Visions and Countervisions in Space

Aug. 1, 1999

A change to the Unified Command Plan will transfer the Computer Network Defense (CND) mission to US Space Command on Oct. 1. One year after that, Space Command will also pick up the Computer Network Attack (CNA) mission.

The implementing step is relatively small. The Joint Task Force for CND, created last December to coordinate the protection of the defense information infrastructure, will move from the Defense Information Systems Agency to Space Command.

No comparable organization exists for the highly classified Computer Network Attack mission. Even those with the appropriate clearances are uncertain of what CNA portends.

The significance of the changes may become clearer as a series of developments plays out over the next year, defining more precisely the military role in space and the relationship between space and Information Operations.

In May, the defense authorization bills from both the House and Senate Armed Services Committees asked for a fundamental review of how the Department of Defense is conducting the space mission.

Both raised questions about creating a new military service for space or appointing an assistant secretary of defense for space. The House bill called for a report by the Secretary of Defense. The Senate prescribed a study by an independent commission.

The Senate bill was critical of the Department of Defense for treating space operations as a subset of information superiority rather than “the strategic high ground from which to project power.” It urged “the full range of power applications, from missile defense and space control to force application.” Congress may be about to weigh in heavily on organizational and mission issues.

Meanwhile the Air Force, which supplies about 90 percent of the people, systems, and money for the military space program, is coming to grips with several issues of its own.

Its forthcoming white paper on aerospace integration is expected to emphasize that air and space are inextricably linked and complementary, not competitive. This will aggravate those who want space power to strike out on its own, separate from airpower.

The Air Force is also thinking about moving the Air Intelligence Agency–now a field unit of Headquarters USAF–to Air Force Space Command. This would put AIA’s formidable capabilities for Information Operations into a major command and take advantage of the similarities between the space and intelligence missions.

The decision will depend on, among other things, where the joint service community decides to go with CND/CNA and with Information Operations. More about that may be revealed when the Office of the Secretary of Defense produces its strategic plan on Information Operations this fall.

It will be a while before we can see these developments in full context, but several conclusions are possible.

  • The Congressional activity is well-meant but is not headed in a productive direction. The arguments about missile defense and force application from space are well-founded. However, they are matters of national policy, needing to be settled between the Administration and Congress rather than by organizational and management changes to the armed forces.

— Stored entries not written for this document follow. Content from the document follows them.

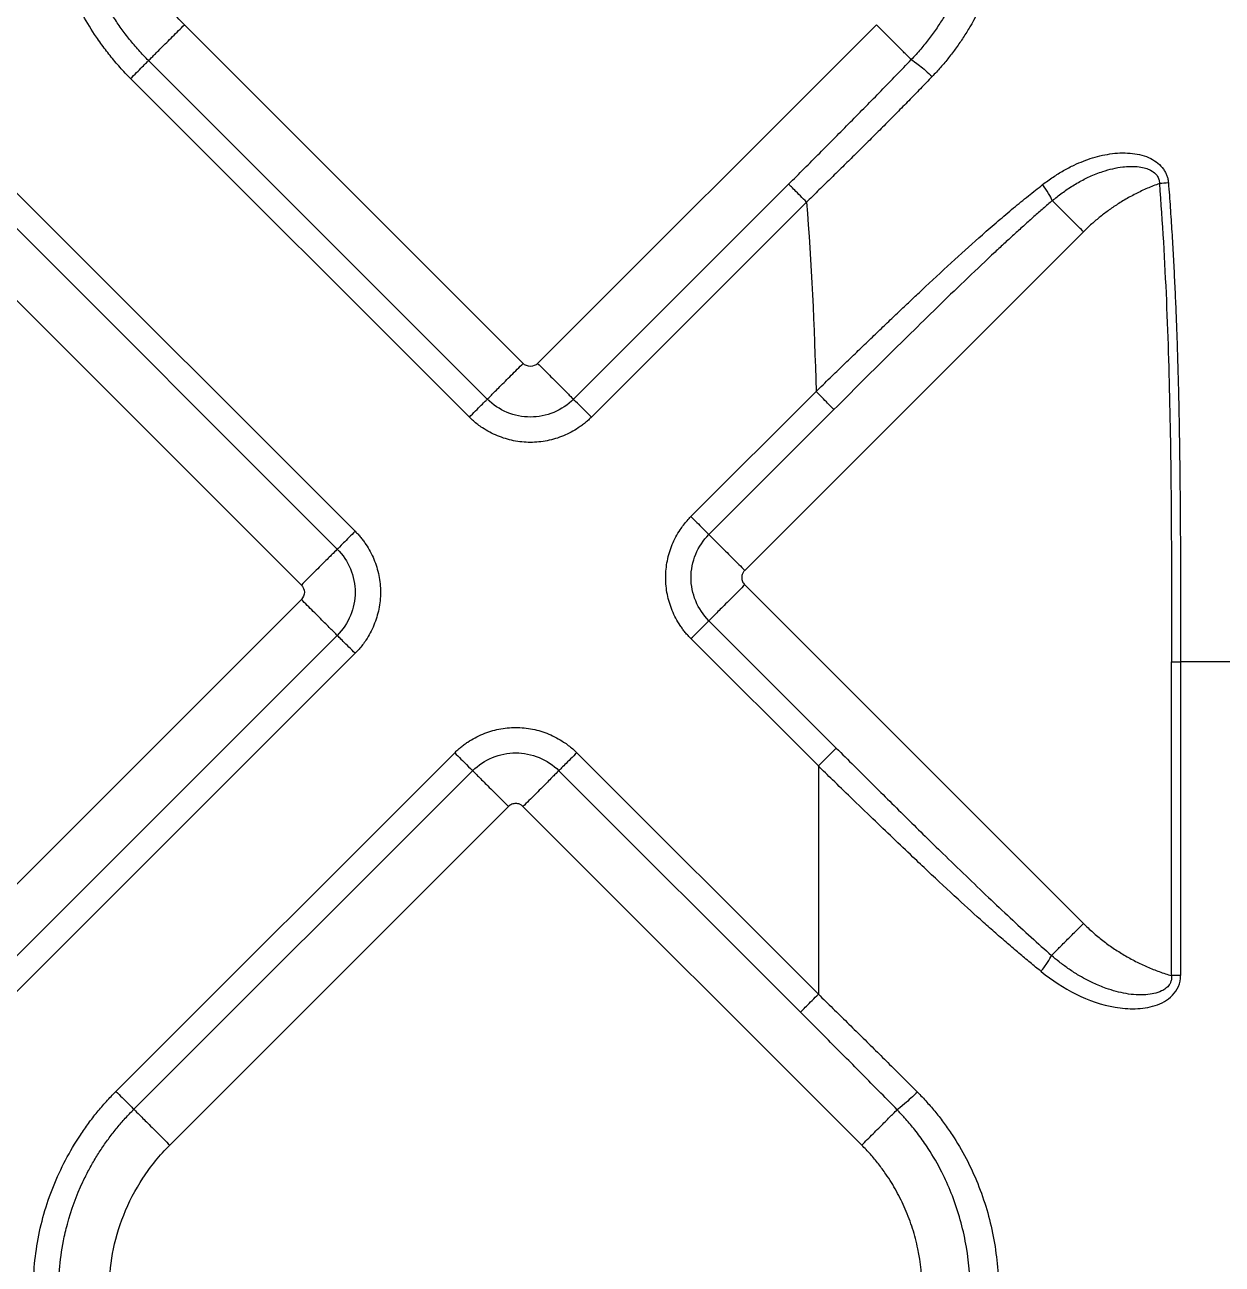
# Model space of a CAD drawing. Extents: x 0 to 84, y -21 to 126.
# Drawn here: x 53.73 to 56.058, y 36.612 to 39.023 of the extents above; entities that cross this region are included whole.
import ezdxf

# ---------------------------------------------------------------- set-up
doc = ezdxf.new("R2010")
doc.units = 0
doc.header["$MEASUREMENT"] = 0
doc.layers.add('1', color=4, linetype='Continuous')

# ---------------------------------------------------------------- blocks, each defined once
blk = doc.blocks.new('PRODIGY')
at = {"layer": '1', "color": 3, "linetype": 'Continuous', "lineweight": 25}
for p, q in [((54.6986, 38.3647), (54.04, 39.0234)), ((54.7269, 38.3647), (55.3856, 39.0234)), ((54.6289, 38.295), (53.9703, 38.9537)), ((54.5941, 38.2602), (53.9354, 38.9188)), ((54.7966, 38.295), (55.2149, 38.7133)), ((53.7134, 38.6968), (54.3721, 38.0382)), ((55.2498, 38.6785), (54.8315, 38.2602)), ((53.6786, 38.662), (54.3372, 38.0033)), ((55.7882, 38.6208), (55.1295, 37.9621)), ((53.6089, 38.5923), (54.2675, 37.9336)), ((55.025, 38.0667), (55.2683, 38.31)), ((55.3031, 38.2751), (55.0598, 38.0318)), ((55.1295, 37.9338), (55.7882, 37.2752)), ((54.2675, 37.9053), (53.6089, 37.2467)), ((55.0598, 37.8641), (55.3075, 37.6164)), ((54.3372, 37.8356), (53.6786, 37.177)), ((55.2727, 37.5816), (55.025, 37.8293)), ((54.3721, 37.8008), (53.7134, 37.1421)), ((55.9594, 37.1737), (55.9594, 37.7842)), ((55.977, 37.7843), (55.977, 37.1737)), ((53.9069, 36.9486), (54.5656, 37.6073)), ((54.803, 37.6073), (55.2727, 37.1376)), ((53.9418, 36.9138), (54.6004, 37.5724)), ((55.2378, 37.1027), (54.7681, 37.5724)), ((55.2727, 37.5816), (55.2727, 37.1376)), ((54.0115, 36.844), (54.6701, 37.5027)), ((55.3571, 36.844), (54.6984, 37.5027))]:
    blk.add_line(p, q, dxfattribs=at)
for points, knots in [([(55.2762, 42.4008), (55.3059, 42.3711), (55.3644, 42.3126), (55.4505, 42.2258), (55.5334, 42.1414), (55.6129, 42.0591), (55.7381, 41.9271), (55.9065, 41.7423), (56.1149, 41.4932), (56.3135, 41.2287), (56.5001, 40.9444), (56.6677, 40.6449), (56.8149, 40.3282), (56.9368, 40.0011), (57.0324, 39.6686), (57.1019, 39.3411), (57.1497, 39.018), (57.1797, 38.6988), (57.193, 38.4374), (57.1987, 38.2332), (57.201, 38.0846), (57.2021, 37.9348), (57.2021, 37.8346), (57.2022, 37.7843)], [0, 0, 0, 0, 0.024284, 0.047825, 0.070619, 0.092663, 0.113954, 0.175776, 0.237143, 0.301604, 0.366855, 0.433504, 0.499789, 0.56856, 0.635144, 0.69965, 0.762122, 0.823968, 0.885028, 0.913435, 0.94207, 0.970927, 1, 1, 1, 1]), ([(53.9354, 38.9188), (53.9319, 38.9224), (53.9249, 38.9295), (53.9148, 38.9405), (53.905, 38.9518), (53.8955, 38.9633), (53.8863, 38.9751), (53.8774, 38.9872), (53.8622, 39.009), (53.8422, 39.0416), (53.8188, 39.0889), (53.7991, 39.1411), (53.7816, 39.2092), (53.7739, 39.2784), (53.7752, 39.3468), (53.7819, 39.4026), (53.7944, 39.4577), (53.8128, 39.5113), (53.8367, 39.5627), (53.8606, 39.6031), (53.8819, 39.6338), (53.8987, 39.6556), (53.9165, 39.6764), (53.9291, 39.6895), (53.9354, 39.6959)], [0, 0, 0, 0, 0.017341, 0.034665, 0.051985, 0.069313, 0.086663, 0.104047, 0.121478, 0.179141, 0.236743, 0.304922, 0.372836, 0.480686, 0.54577, 0.610337, 0.67596, 0.741895, 0.807114, 0.872629, 0.904913, 0.936849, 0.968517, 1, 1, 1, 1]), ([(55.4885, 39.6878), (55.4917, 39.6843), (55.4981, 39.6773), (55.5074, 39.6664), (55.5164, 39.6553), (55.5251, 39.6439), (55.5336, 39.6323), (55.5419, 39.6203), (55.5563, 39.5983), (55.5753, 39.5654), (55.6035, 39.5054), (55.629, 39.4259), (55.6429, 39.3249), (55.6394, 39.2219), (55.6199, 39.1355), (55.5939, 39.0688), (55.5731, 39.0283), (55.5547, 38.9987), (55.541, 38.9786), (55.5262, 38.9592), (55.5106, 38.9404), (55.4995, 38.9285), (55.4939, 38.9226)], [0, 0, 0, 0, 0.01692, 0.033888, 0.050913, 0.068002, 0.085163, 0.102402, 0.119728, 0.178784, 0.237696, 0.355572, 0.473917, 0.598774, 0.720988, 0.788048, 0.854539, 0.883635, 0.912678, 0.941719, 0.970809, 1, 1, 1, 1]), ([(53.9703, 38.9537), (53.967, 38.957), (53.9605, 38.9636), (53.9511, 38.9738), (53.9421, 38.9842), (53.9334, 38.9948), (53.9251, 39.0055), (53.9171, 39.0163), (53.9095, 39.0272), (53.9023, 39.0382), (53.8954, 39.0493), (53.8889, 39.0605), (53.8827, 39.0717), (53.8768, 39.0831), (53.8712, 39.0945), (53.8636, 39.1113), (53.8504, 39.1441), (53.8355, 39.1938), (53.8266, 39.2472), (53.8231, 39.2987), (53.8244, 39.3488), (53.8312, 39.3973), (53.8447, 39.4552), (53.8616, 39.5014), (53.8823, 39.5426), (53.8947, 39.5645), (53.908, 39.5856), (53.9223, 39.6059), (53.9375, 39.6252), (53.9534, 39.6437), (53.9647, 39.6553), (53.9703, 39.6611)], [0, 0, 0, 0, 0.017777, 0.035429, 0.05295, 0.070335, 0.087579, 0.104677, 0.121626, 0.138421, 0.155059, 0.171537, 0.18785, 0.204007, 0.220236, 0.23663, 0.2744, 0.355233, 0.434068, 0.480754, 0.552372, 0.624938, 0.667358, 0.779414, 0.811539, 0.843523, 0.875326, 0.90691, 0.93824, 0.96928, 1, 1, 1, 1]), ([(55.4473, 39.6531), (55.4505, 39.6497), (55.4569, 39.6427), (55.4661, 39.632), (55.4749, 39.6211), (55.4835, 39.6099), (55.4917, 39.5986), (55.4996, 39.587), (55.5071, 39.5753), (55.5143, 39.5633), (55.5212, 39.5512), (55.5278, 39.539), (55.534, 39.5265), (55.5399, 39.5139), (55.5455, 39.5012), (55.5507, 39.4883), (55.5556, 39.4753), (55.5602, 39.4622), (55.5644, 39.4489), (55.5682, 39.4355), (55.5718, 39.422), (55.5749, 39.4084), (55.5783, 39.3922), (55.5815, 39.3731), (55.5843, 39.3513), (55.5862, 39.3292), (55.5871, 39.3071), (55.5872, 39.2848), (55.5862, 39.2624), (55.5843, 39.2399), (55.5813, 39.2174), (55.5773, 39.1948), (55.5723, 39.1723), (55.5661, 39.1498), (55.5588, 39.1274), (55.5503, 39.105), (55.5406, 39.0829), (55.5296, 39.0608), (55.5173, 39.039), (55.5036, 39.0175), (55.4884, 38.9963), (55.4718, 38.9755), (55.4595, 38.9623), (55.4534, 38.9556)], [0, 0, 0, 0, 0.0184524, 0.0368438, 0.0551809, 0.0734701, 0.0917175, 0.1099286, 0.1281088, 0.1462632, 0.1643963, 0.1825126, 0.2006165, 0.2187119, 0.2368027, 0.2548927, 0.2729855, 0.2910848, 0.309194, 0.3273167, 0.3454565, 0.3636171, 0.3818022, 0.4103716, 0.4390267, 0.4677849, 0.4966652, 0.5256885, 0.5548765, 0.5842485, 0.613828, 0.6436443, 0.6737311, 0.7041268, 0.7348736, 0.7660181, 0.7976104, 0.8297053, 0.8623617, 0.8956444, 0.9296243, 0.9643801, 1, 1, 1, 1]), ([(54.04, 39.0234), (54.0204, 39.043), (54.0028, 39.0647), (53.9728, 39.1106), (53.9603, 39.1348), (53.9408, 39.1843), (53.9336, 39.2095), (53.9244, 39.2592), (53.9223, 39.2837), (53.9223, 39.3311), (53.9244, 39.3556), (53.9336, 39.4053), (53.9408, 39.4305), (53.9603, 39.48), (53.9728, 39.5042), (54.0028, 39.5501), (54.0204, 39.5718), (54.04, 39.5914)], [0, 0, 0, 0, 0.125, 0.125, 0.25, 0.25, 0.375, 0.375, 0.5, 0.5, 0.625, 0.625, 0.75, 0.75, 0.875, 0.875, 1, 1, 1, 1]), ([(53.9703, 38.9537), (53.9716, 38.955), (53.9743, 38.9577), (53.9826, 38.9661), (53.9883, 38.9717), (54.0016, 38.985), (54.0092, 38.9926), (54.0247, 39.0081), (54.0326, 39.016), (54.04, 39.0234)], [0, 0, 0, 0, 0.25, 0.25, 0.5, 0.5, 0.75, 0.75, 1, 1, 1, 1]), ([(55.4534, 38.9556), (55.4513, 38.9577), (55.4479, 38.961), (55.439, 38.97), (55.4333, 38.9757), (55.4206, 38.9884), (55.4136, 38.9954), (55.3994, 39.0095), (55.3923, 39.0167), (55.3856, 39.0234)], [0, 0, 0, 0, 0.25, 0.25, 0.5, 0.5, 0.75, 0.75, 1, 1, 1, 1]), ([(53.9354, 38.9188), (53.9391, 38.9225), (53.943, 38.9265), (53.9508, 38.9342), (53.9546, 38.938), (53.9613, 38.9447), (53.9641, 38.9475), (53.9683, 38.9517), (53.9696, 38.953), (53.9703, 38.9537)], [0, 0, 0, 0, 0.25, 0.25, 0.5, 0.5, 0.75, 0.75, 1, 1, 1, 1]), ([(55.2149, 38.7133), (55.225, 38.7234), (55.2452, 38.7436), (55.2753, 38.7739), (55.3053, 38.8041), (55.3352, 38.8344), (55.365, 38.8646), (55.3946, 38.8949), (55.4241, 38.9252), (55.4436, 38.9455), (55.4534, 38.9556)], [0, 0, 0, 0, 0.125775, 0.251309, 0.37661, 0.501689, 0.626557, 0.751223, 0.8757, 1, 1, 1, 1]), ([(55.4534, 38.9556), (55.4565, 38.9542), (55.4624, 38.9501), (55.477, 38.9382), (55.4857, 38.9304), (55.4939, 38.9226)], [0, 0, 0, 0, 0.5, 0.5, 1, 1, 1, 1]), ([(55.4939, 38.9226), (55.4863, 38.9147), (55.4712, 38.899), (55.4485, 38.8757), (55.4258, 38.8527), (55.4033, 38.83), (55.3809, 38.8076), (55.3587, 38.7855), (55.3366, 38.7636), (55.3147, 38.742), (55.2929, 38.7206), (55.2713, 38.6995), (55.2569, 38.6855), (55.2498, 38.6785)], [0, 0, 0, 0, 0.095402, 0.189881, 0.283445, 0.376104, 0.467864, 0.558735, 0.648723, 0.737837, 0.826083, 0.913468, 1, 1, 1, 1]), ([(55.7088, 38.7125), (55.7122, 38.7151), (55.7188, 38.7201), (55.729, 38.7271), (55.7392, 38.7337), (55.7495, 38.7398), (55.7599, 38.7455), (55.7726, 38.7518), (55.7879, 38.7584), (55.8124, 38.7669), (55.8444, 38.7742), (55.8829, 38.7749), (55.9135, 38.7675), (55.933, 38.7548), (55.9422, 38.7451), (55.9476, 38.7365), (55.9506, 38.7299), (55.9526, 38.723), (55.9531, 38.7183), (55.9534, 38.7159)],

If emphasis on space is insufficient, that is a budgetary issue. The Air Force continues to provide most of the space support for all of the services without any compensating increase to its budget. Congress can and should help with this.

  • This change to the Unified Command Plan solves a problem that popped up in Joint Exercise Eligible Receiver in 1997, an element of which was an attack on the defense computer network. In the simulation, the Joint Staff took charge by default–which it could not legally do in actual conflict–because such an attack was not covered by the missions of any of the unified combat commands, in which the nation’s powers to fight are vested by law.
  • The CND/CNA mission is in its infancy. There is no doubt about the seriousness of the problem. Defense officials say the military information networks are under constant assault. The emphasis so far has been on detection and warning of attack, firewalls, and various emergency response measures. Most of the work has concentrated on the force in home garrison. Protecting the networks of deployed forces is more difficult. Defense of the nation’s non-military infrastructures is not an assigned mission and still lies far beyond the horizon.
  • The assignment of the CND/CNA mission to Space Command confirms that information is a weapon and that Space Command is a combat command. That does not diminish or conflict with the responsibility to provide intelligence, surveillance, reconnaissance, and other support for the theater commands. In addition to its long-familiar role of enhancing force, Space Command may also apply force.

It will be some years yet before the capability is mature to employ directed laser energy from space, assuming that national policy permits it. At the same time, space will become increasingly important to the projection of power by the use of information, in support of conventional military operations as well as in the emerging domain of information warfare, in which information itself is a target and a weapon.

The Information Operations mission is moving inexorably toward space, and the linkage between space and information superiority is growing steadily closer. For the near-term future at least, the military space program will be defined, in one way or another, by information.